Work instructions: Leave the images out, and otherwise write out each entry exactly.
+--
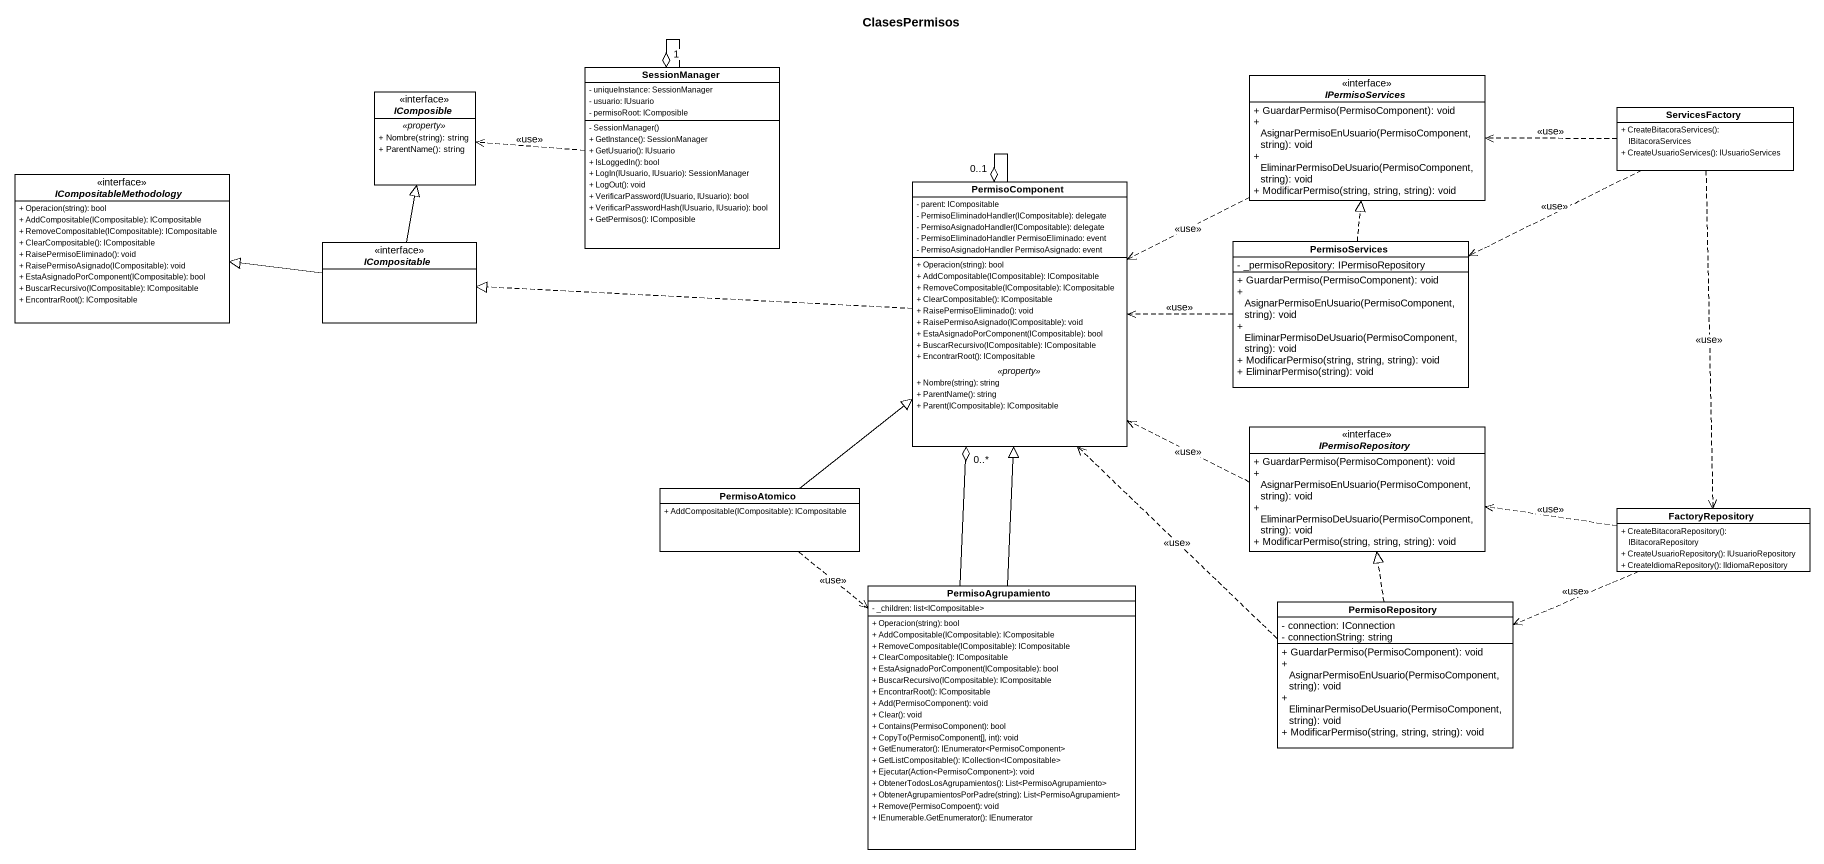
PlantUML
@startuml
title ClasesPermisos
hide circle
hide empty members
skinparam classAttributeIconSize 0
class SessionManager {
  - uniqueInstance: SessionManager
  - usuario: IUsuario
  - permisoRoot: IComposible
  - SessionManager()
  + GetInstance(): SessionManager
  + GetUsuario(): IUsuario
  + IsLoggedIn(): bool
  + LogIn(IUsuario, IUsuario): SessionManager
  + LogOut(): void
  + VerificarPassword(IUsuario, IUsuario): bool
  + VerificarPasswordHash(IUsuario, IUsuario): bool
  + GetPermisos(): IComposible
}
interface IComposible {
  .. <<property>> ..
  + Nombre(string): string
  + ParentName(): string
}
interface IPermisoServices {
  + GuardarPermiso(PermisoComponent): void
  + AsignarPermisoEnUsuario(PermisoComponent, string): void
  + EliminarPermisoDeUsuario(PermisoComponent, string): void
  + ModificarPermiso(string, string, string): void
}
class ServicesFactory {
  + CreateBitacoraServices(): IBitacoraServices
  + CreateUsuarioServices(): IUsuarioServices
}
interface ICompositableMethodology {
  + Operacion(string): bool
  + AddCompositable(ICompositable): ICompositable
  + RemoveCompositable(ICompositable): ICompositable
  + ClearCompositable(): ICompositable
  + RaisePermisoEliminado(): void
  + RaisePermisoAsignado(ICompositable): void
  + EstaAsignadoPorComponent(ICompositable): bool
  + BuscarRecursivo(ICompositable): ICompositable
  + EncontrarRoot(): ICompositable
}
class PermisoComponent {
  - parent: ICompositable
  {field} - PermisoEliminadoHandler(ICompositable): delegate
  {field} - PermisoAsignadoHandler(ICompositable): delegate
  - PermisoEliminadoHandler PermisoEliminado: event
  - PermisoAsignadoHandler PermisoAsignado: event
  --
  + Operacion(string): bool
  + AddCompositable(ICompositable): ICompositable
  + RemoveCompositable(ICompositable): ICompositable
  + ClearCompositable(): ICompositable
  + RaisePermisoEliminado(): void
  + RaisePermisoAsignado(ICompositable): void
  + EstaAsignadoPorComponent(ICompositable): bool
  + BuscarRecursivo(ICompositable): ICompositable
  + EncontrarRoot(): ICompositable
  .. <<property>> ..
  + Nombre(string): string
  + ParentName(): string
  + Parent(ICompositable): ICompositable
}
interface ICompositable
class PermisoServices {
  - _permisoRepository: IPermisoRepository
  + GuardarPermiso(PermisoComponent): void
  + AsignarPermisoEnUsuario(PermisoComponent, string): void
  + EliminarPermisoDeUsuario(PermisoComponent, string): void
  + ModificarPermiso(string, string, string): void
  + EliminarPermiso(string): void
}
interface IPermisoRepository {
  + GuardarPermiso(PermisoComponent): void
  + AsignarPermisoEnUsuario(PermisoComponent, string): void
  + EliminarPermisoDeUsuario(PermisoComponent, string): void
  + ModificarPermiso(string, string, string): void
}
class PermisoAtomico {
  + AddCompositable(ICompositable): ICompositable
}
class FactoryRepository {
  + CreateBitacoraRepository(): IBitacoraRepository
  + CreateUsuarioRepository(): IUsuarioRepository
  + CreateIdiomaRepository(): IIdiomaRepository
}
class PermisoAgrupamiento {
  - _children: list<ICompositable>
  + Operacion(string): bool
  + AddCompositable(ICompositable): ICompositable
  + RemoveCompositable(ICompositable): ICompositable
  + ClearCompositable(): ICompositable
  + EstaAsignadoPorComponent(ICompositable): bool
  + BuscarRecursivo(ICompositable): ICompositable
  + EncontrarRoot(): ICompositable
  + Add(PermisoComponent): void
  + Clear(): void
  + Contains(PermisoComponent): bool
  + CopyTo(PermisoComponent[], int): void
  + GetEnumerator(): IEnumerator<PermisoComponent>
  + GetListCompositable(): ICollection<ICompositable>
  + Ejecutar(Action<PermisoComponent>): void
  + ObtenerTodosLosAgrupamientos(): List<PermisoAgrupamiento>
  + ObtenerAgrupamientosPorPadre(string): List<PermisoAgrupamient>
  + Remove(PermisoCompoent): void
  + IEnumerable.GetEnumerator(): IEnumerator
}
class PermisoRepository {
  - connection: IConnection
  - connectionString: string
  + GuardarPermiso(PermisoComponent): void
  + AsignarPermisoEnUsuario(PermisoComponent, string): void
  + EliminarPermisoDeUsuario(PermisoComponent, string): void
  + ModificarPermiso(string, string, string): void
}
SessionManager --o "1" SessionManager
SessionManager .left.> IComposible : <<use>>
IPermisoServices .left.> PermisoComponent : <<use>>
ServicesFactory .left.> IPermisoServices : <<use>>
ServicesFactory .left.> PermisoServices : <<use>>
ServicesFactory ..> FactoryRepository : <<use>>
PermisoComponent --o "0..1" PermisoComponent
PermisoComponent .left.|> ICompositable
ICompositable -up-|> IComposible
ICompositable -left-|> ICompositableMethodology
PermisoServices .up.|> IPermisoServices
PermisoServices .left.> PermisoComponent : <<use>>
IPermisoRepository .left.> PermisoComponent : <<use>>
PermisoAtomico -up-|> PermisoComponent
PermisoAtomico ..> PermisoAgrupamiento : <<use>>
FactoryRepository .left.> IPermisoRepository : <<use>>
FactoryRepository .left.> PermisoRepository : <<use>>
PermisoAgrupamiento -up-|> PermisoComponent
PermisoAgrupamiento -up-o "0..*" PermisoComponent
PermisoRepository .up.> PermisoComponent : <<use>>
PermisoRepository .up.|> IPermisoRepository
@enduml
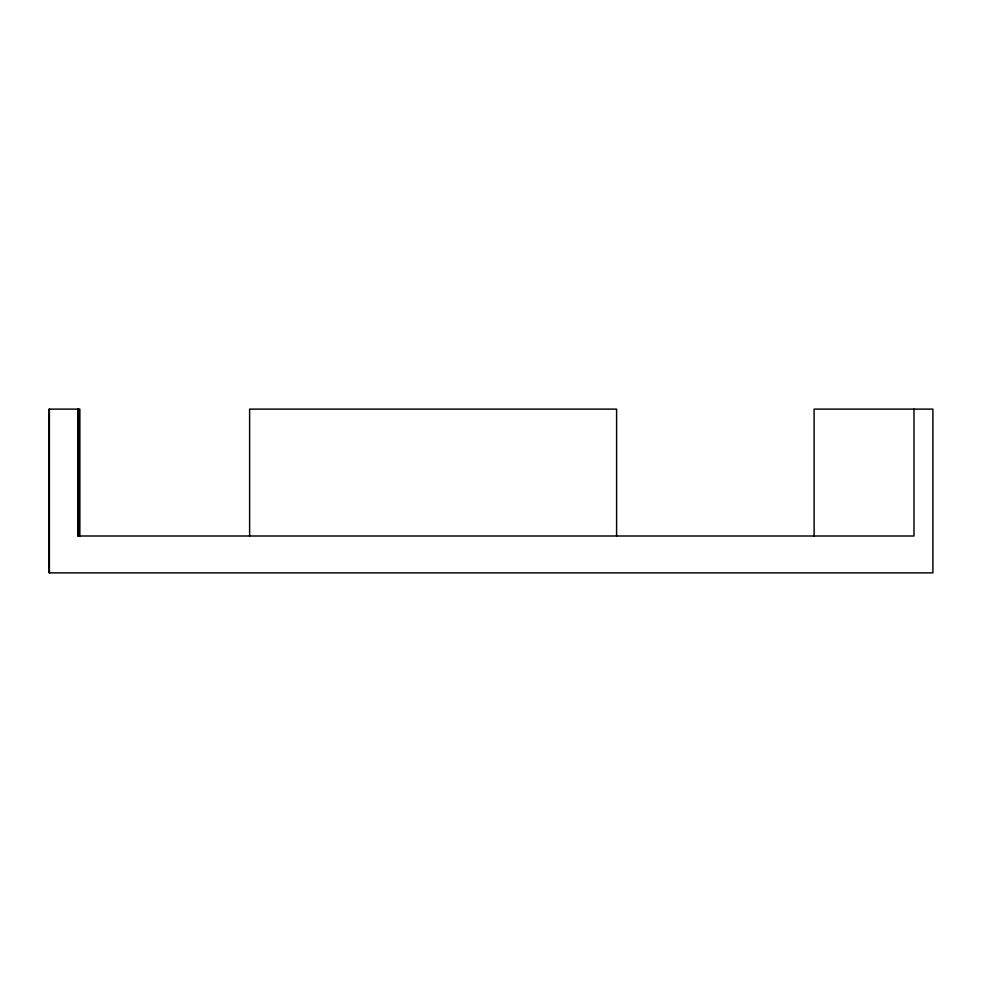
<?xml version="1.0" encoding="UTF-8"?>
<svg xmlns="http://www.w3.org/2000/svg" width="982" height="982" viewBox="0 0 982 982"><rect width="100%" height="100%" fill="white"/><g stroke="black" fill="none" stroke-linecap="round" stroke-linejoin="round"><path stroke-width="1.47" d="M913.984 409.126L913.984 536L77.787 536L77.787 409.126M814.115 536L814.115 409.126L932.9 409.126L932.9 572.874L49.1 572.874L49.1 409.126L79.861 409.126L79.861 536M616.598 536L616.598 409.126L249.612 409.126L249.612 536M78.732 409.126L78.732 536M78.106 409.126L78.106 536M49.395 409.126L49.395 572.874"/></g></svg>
+--
Written answer:
PlantUML
@startuml
title ClasesPermisos
hide circle
hide empty members
skinparam classAttributeIconSize 0
class SessionManager {
  - uniqueInstance: SessionManager
  - usuario: IUsuario
  - permisoRoot: IComposible
  - SessionManager()
  + GetInstance(): SessionManager
  + GetUsuario(): IUsuario
  + IsLoggedIn(): bool
  + LogIn(IUsuario, IUsuario): SessionManager
  + LogOut(): void
  + VerificarPassword(IUsuario, IUsuario): bool
  + VerificarPasswordHash(IUsuario, IUsuario): bool
  + GetPermisos(): IComposible
}
interface IComposible {
  .. <<property>> ..
  + Nombre(string): string
  + ParentName(): string
}
interface IPermisoServices {
  + GuardarPermiso(PermisoComponent): void
  + AsignarPermisoEnUsuario(PermisoComponent, string): void
  + EliminarPermisoDeUsuario(PermisoComponent, string): void
  + ModificarPermiso(string, string, string): void
}
class ServicesFactory {
  + CreateBitacoraServices(): IBitacoraServices
  + CreateUsuarioServices(): IUsuarioServices
}
interface ICompositableMethodology {
  + Operacion(string): bool
  + AddCompositable(ICompositable): ICompositable
  + RemoveCompositable(ICompositable): ICompositable
  + ClearCompositable(): ICompositable
  + RaisePermisoEliminado(): void
  + RaisePermisoAsignado(ICompositable): void
  + EstaAsignadoPorComponent(ICompositable): bool
  + BuscarRecursivo(ICompositable): ICompositable
  + EncontrarRoot(): ICompositable
}
class PermisoComponent {
  - parent: ICompositable
  {field} - PermisoEliminadoHandler(ICompositable): delegate
  {field} - PermisoAsignadoHandler(ICompositable): delegate
  - PermisoEliminadoHandler PermisoEliminado: event
  - PermisoAsignadoHandler PermisoAsignado: event
  --
  + Operacion(string): bool
  + AddCompositable(ICompositable): ICompositable
  + RemoveCompositable(ICompositable): ICompositable
  + ClearCompositable(): ICompositable
  + RaisePermisoEliminado(): void
  + RaisePermisoAsignado(ICompositable): void
  + EstaAsignadoPorComponent(ICompositable): bool
  + BuscarRecursivo(ICompositable): ICompositable
  + EncontrarRoot(): ICompositable
  .. <<property>> ..
  + Nombre(string): string
  + ParentName(): string
  + Parent(ICompositable): ICompositable
}
interface ICompositable
class PermisoServices {
  - _permisoRepository: IPermisoRepository
  + GuardarPermiso(PermisoComponent): void
  + AsignarPermisoEnUsuario(PermisoComponent, string): void
  + EliminarPermisoDeUsuario(PermisoComponent, string): void
  + ModificarPermiso(string, string, string): void
  + EliminarPermiso(string): void
}
interface IPermisoRepository {
  + GuardarPermiso(PermisoComponent): void
  + AsignarPermisoEnUsuario(PermisoComponent, string): void
  + EliminarPermisoDeUsuario(PermisoComponent, string): void
  + ModificarPermiso(string, string, string): void
}
class PermisoAtomico {
  + AddCompositable(ICompositable): ICompositable
}
class FactoryRepository {
  + CreateBitacoraRepository(): IBitacoraRepository
  + CreateUsuarioRepository(): IUsuarioRepository
  + CreateIdiomaRepository(): IIdiomaRepository
}
class PermisoAgrupamiento {
  - _children: list<ICompositable>
  + Operacion(string): bool
  + AddCompositable(ICompositable): ICompositable
  + RemoveCompositable(ICompositable): ICompositable
  + ClearCompositable(): ICompositable
  + EstaAsignadoPorComponent(ICompositable): bool
  + BuscarRecursivo(ICompositable): ICompositable
  + EncontrarRoot(): ICompositable
  + Add(PermisoComponent): void
  + Clear(): void
  + Contains(PermisoComponent): bool
  + CopyTo(PermisoComponent[], int): void
  + GetEnumerator(): IEnumerator<PermisoComponent>
  + GetListCompositable(): ICollection<ICompositable>
  + Ejecutar(Action<PermisoComponent>): void
  + ObtenerTodosLosAgrupamientos(): List<PermisoAgrupamiento>
  + ObtenerAgrupamientosPorPadre(string): List<PermisoAgrupamient>
  + Remove(PermisoCompoent): void
  + IEnumerable.GetEnumerator(): IEnumerator
}
class PermisoRepository {
  - connection: IConnection
  - connectionString: string
  + GuardarPermiso(PermisoComponent): void
  + AsignarPermisoEnUsuario(PermisoComponent, string): void
  + EliminarPermisoDeUsuario(PermisoComponent, string): void
  + ModificarPermiso(string, string, string): void
}
SessionManager --o "1" SessionManager
SessionManager .left.> IComposible : <<use>>
IPermisoServices .left.> PermisoComponent : <<use>>
ServicesFactory .left.> IPermisoServices : <<use>>
ServicesFactory .left.> PermisoServices : <<use>>
ServicesFactory ..> FactoryRepository : <<use>>
PermisoComponent --o "0..1" PermisoComponent
PermisoComponent .left.|> ICompositable
ICompositable -up-|> IComposible
ICompositable -left-|> ICompositableMethodology
PermisoServices .up.|> IPermisoServices
PermisoServices .left.> PermisoComponent : <<use>>
IPermisoRepository .left.> PermisoComponent : <<use>>
PermisoAtomico -up-|> PermisoComponent
PermisoAtomico ..> PermisoAgrupamiento : <<use>>
FactoryRepository .left.> IPermisoRepository : <<use>>
FactoryRepository .left.> PermisoRepository : <<use>>
PermisoAgrupamiento -up-|> PermisoComponent
PermisoAgrupamiento -up-o "0..*" PermisoComponent
PermisoRepository .up.> PermisoComponent : <<use>>
PermisoRepository .up.|> IPermisoRepository
@enduml
<?xml version="1.0" encoding="UTF-8"?>
<svg xmlns="http://www.w3.org/2000/svg" width="982" height="982" viewBox="0 0 982 982"><rect width="100%" height="100%" fill="white"/><g stroke="black" fill="none" stroke-linecap="round" stroke-linejoin="round"><path stroke-width="1.47" d="M913.984 409.126L913.984 536L77.787 536L77.787 409.126M814.115 536L814.115 409.126L932.9 409.126L932.9 572.874L49.1 572.874L49.1 409.126L79.861 409.126L79.861 536M616.598 536L616.598 409.126L249.612 409.126L249.612 536M78.732 409.126L78.732 536M78.106 409.126L78.106 536M49.395 409.126L49.395 572.874"/></g></svg>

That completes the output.